Wednesday, December 15, 2010

another logic problem

after a slew of morning phone meetings beginning at 7am, i find myself at one of my usual haunts (see top pic) a bit earlier than normal. i'm still without internet access in my place and hopefully that will be remedied this evening. as a full blown nerd whose livelihood is dependent on internet access, my not having reliable 24/7 online access is not a small thing. due to the job, there are times when i need to be online by 6am or during the wee midnight-ish hours so it has been a fascinating challenge to address since i am no longer in a hotel (which provides 24/7 access) but rather my new place (which won't be set up until tonight).

i've pretty much been taking the past few weeks just a day at a time. for example, like working from loved ones' places while they are at work and in certain cases, like yesterday, am able to have some therapeutic company like the cuddle monster...


while i plow through emails, research, and addressing work drama.

i believe that DH has referred to some of my recent email communications as torpedoes....not in a bad way....more of a emotionally distant factual yet on target kind of way. i'm not the type that communicates things like "you fucker you are so wrong"....but rather clearly communicates without any subjective qualitative comments regarding someone's parentage or competence. i prefer to lay out gathered fact-based evidence that points to some pretty obvious conclusions about said fucker's parentage or lack of competence. to be clear though, i only do this when absolutely necessary....as sometimes...mistakes are just honest mistakes....but if they veer into another category (i.e., like pure lying)....then that is when the robotic emotionally distant factual precise foodie hunter comes out.

yet, i don't like to do it.

it is one of those cases that just because i, the foodie hunter, is good at doing something...doesn't mean i actually like or want to do it. how is being brutally efficient when dealing with others' incompetence in work situations or recently....in the personal realm....lawyers, law enforcement, brokers, etc etc...any fun? i mean really? how is that any fun? the only way for me to cope and be so brutally efficient is to be emotionally distant from it at that time.

but i pay for it later.

always.

usually by myself and when it is safe to do so.

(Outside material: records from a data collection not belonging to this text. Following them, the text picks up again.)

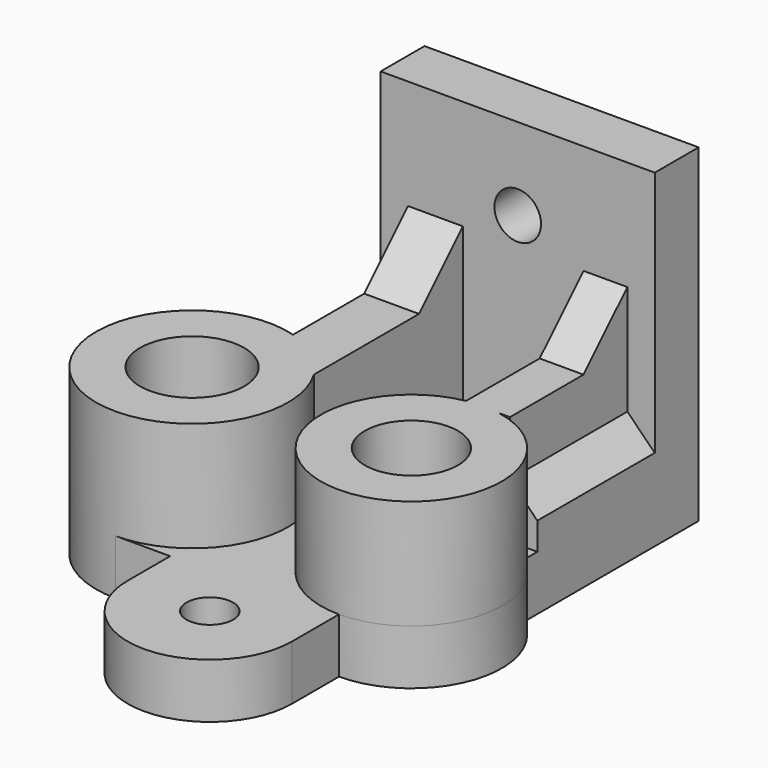
from build123d import *

# Parameters (mm, degrees)
F0_R          = 4.75
F0_R_2        = 2.125
F0_R_3        = 4.25
F1_DEPTH      = 5
F2_W          = 25
F2_H          = 5
F3_DEPTH      = 25
F4_R          = 8.75
F4_R_2        = 4.75
F4_R_3        = 8.25
F4_R_4        = 4.25
F5_DEPTH      = 10
F6_R          = 2.125
F7_DEPTH      = 5.001
F8_W          = 5
F8_H          = 16.9930609057
F8_W_2        = 4
F8_H_2        = 13.3875096302
F9_DEPTH      = 10
F10_T1_DEPTH  = 5
F10_T3_DEPTH  = 4
F10_T8_DEPTH  = 30.7168298797
F10_T13_DEPTH = 29.7168298797
F10_T18_DEPTH = 25.9731600242
F10_S20_R     = 4.75
F10_T21_DEPTH = 15
F10_T25_DEPTH = 13.3875096302


# Not quite as in the source:
# - a fillet or chamfer that OpenCascade refuses, or shapes differently, is made with other operations: its cross-section is extruded or revolved along the edge and cut away or added


with BuildPart() as f1:
    # F0 (on Top) → F1 (new body)
    with BuildSketch(Plane.XY):
        with BuildLine():
            Line((12.5, 26.5), (0, 26.5))
            Line((0, 26.5), (-12.5, 26.5))
            Line((-12.5, 26.5), (-12.5, 8.75))
            ThreePointArc((-12.5, 8.75), (-21.25, 0), (-12.5, -8.75))
            Line((-12.5, -8.75), (-7.5, -8.75))
            Line((-7.5, -8.75), (-7.5, -13.6))
            ThreePointArc((-7.5, -13.6), (-5.3033008589, -18.9033008589), (0, -21.1))
            ThreePointArc((0, -21.1), (5.3033008589, -18.9033008589), (7.5, -13.6))
            Line((7.5, -13.6), (7.5, -8.25))
            ThreePointArc((7.5, -8.25), (15.3166703137, -2.6385915194), (12.5, 6.5622023742))
            Line((12.5, 6.5622023742), (12.5, 26.5))
        make_face()
        with Locations((-12.5, 0)):
            Circle(F0_R, mode=Mode.SUBTRACT)
        with Locations((0, -13.6)):
            Circle(F0_R_2, mode=Mode.SUBTRACT)
        with Locations((7.5, 0)):
            Circle(F0_R_3, mode=Mode.SUBTRACT)
        with Locations((0, 16.5)):
            Circle(F0_R_2, mode=Mode.SUBTRACT)
    extrude(amount=F1_DEPTH)

    # F2 (on face) → F3 (join)
    with BuildSketch(Plane.XY.offset(5)):
        with Locations((0, 24)):
            Rectangle(F2_W, F2_H)
    extrude(amount=F3_DEPTH)

    # F4 (on face) → F5 (join)
    with BuildSketch(Plane.XY.offset(5)):
        with Locations((-12.5, 0)):
            Circle(F4_R)
        with Locations((-12.5, 0)):
            Circle(F4_R_2, mode=Mode.SUBTRACT)
        with Locations((7.5, 0)):
            Circle(F4_R_3)
        with Locations((7.5, 0)):
            Circle(F4_R_4, mode=Mode.SUBTRACT)
    extrude(amount=F5_DEPTH)

    # F6 (on face) → F7 (cut, through all)
    with BuildSketch(Plane.XZ.offset(-21.5)):
        with Locations((0, 22.5)):
            Circle(F6_R)
    extrude(amount=-F7_DEPTH, mode=Mode.SUBTRACT)

    # F8 (on face) → F9 (join)
    with BuildSketch(Plane.XY.offset(5)):
        with Locations((-7.5, 13.0034695472)):
            Rectangle(F8_W, F8_H)
        with Locations((8, 14.8062451849)):
            Rectangle(F8_W_2, F8_H_2)
    extrude(amount=F9_DEPTH)

    # F10: chamfer of 5 on 4 edges, made by hand

    # F10_s2 → F10_t1 (join)
    with BuildSketch(Plane.YZ.offset(-10)):
        Polygon((16.5, 15), (21.5, 20), (21.5, 15), align=None)
    extrude(amount=F10_T1_DEPTH)

    # F10_s4 → F10_t3 (join)
    with BuildSketch(Plane.YZ.offset(6)):
        Polygon((21.5, 20), (16.5, 15), (21.5, 15), align=None)
    extrude(amount=F10_T3_DEPTH)


with BuildPart() as f10_tool6:
    # F10_s7 → F10_t8 (new body)
    with BuildSketch(Plane.YZ.offset(7.8584149398)):
        Polygon((16.5, 15), (21.5, 20), (21.5, 15), align=None)
    extrude(amount=-F10_T8_DEPTH)

    split(bisect_by=Plane.YZ.offset(6), keep=Keep.TOP)


with BuildPart() as f1_1:
    add(f1.part)

    # F10_t5: union F10_tool6
    add(f10_tool6.part)


with BuildPart() as f10_tool11:
    # F10_s12 → F10_t13 (new body)
    with BuildSketch(Plane.YZ.offset(22.8584149398)):
        Polygon((21.5, 20), (16.5, 15), (21.5, 15), align=None)
    extrude(amount=-F10_T13_DEPTH)

    split(bisect_by=Plane.YZ.offset(-5), keep=Keep.BOTTOM)


with BuildPart() as f1_2:
    add(f1_1.part)

    # F10_t10: union F10_tool11
    add(f10_tool11.part)


with BuildPart() as f10_tool16:
    # F10_s17 → F10_t18 (new body)
    with BuildSketch(Plane.XZ.offset(-21.5)):
        Polygon((-10, 10), (-15, 5), (-10, 5), align=None)
    extrude(amount=F10_T18_DEPTH)

    split(bisect_by=Plane.YZ.offset(-12.5), keep=Keep.TOP)

    # F10_s20 → F10_t21 (cut, symmetric)
    with BuildSketch(Plane.XY.offset(7.5)):
        with Locations((-12.5, 0)):
            Circle(F10_S20_R)
    extrude(amount=F10_T21_DEPTH, both=True, mode=Mode.SUBTRACT)


with BuildPart() as f1_3:
    add(f1_2.part)

    # F10_t15: union F10_tool16
    add(f10_tool16.part)


with BuildPart() as f10_tool23:
    # F10_s24 → F10_t25 (new body)
    with BuildSketch(Plane.XZ.offset(-8.1124903698)):
        Polygon((10, 10), (15, 5), (10, 5), align=None)
    extrude(amount=-F10_T25_DEPTH)

    split(bisect_by=Plane.YZ.offset(12.5), keep=Keep.BOTTOM)


with BuildPart() as f1_4:
    add(f1_3.part)

    # F10_t22: union F10_tool23
    add(f10_tool23.part)


solid = f1_4.part

or sometimes in this blog behind a thin veil of semi-anonymity.

i may be many things but i'm not stupid.

temporarily staving off emotions in order to effectively deal with certain situations is a coping and survival mechanism. it does not mean those emotions go away or will stay in some illusional impenetrable mental box.

i may be emotionally retarded but not that retarded.

sometimes i get the impression that certain folks see people like me....you know the extremely analytical independent right-brain-driven and seemingly emotionless.... and believe that we...or i....feel nothing....because we...or i....can handle it. being able to "handle it" and "not feeling anything" are very different things.

in my case, despite coming off as a robotic analytical unfeeling asshole....i know that i act the way that i do because i do feel things extremely strongly.

how's that for a logic problem and paradox?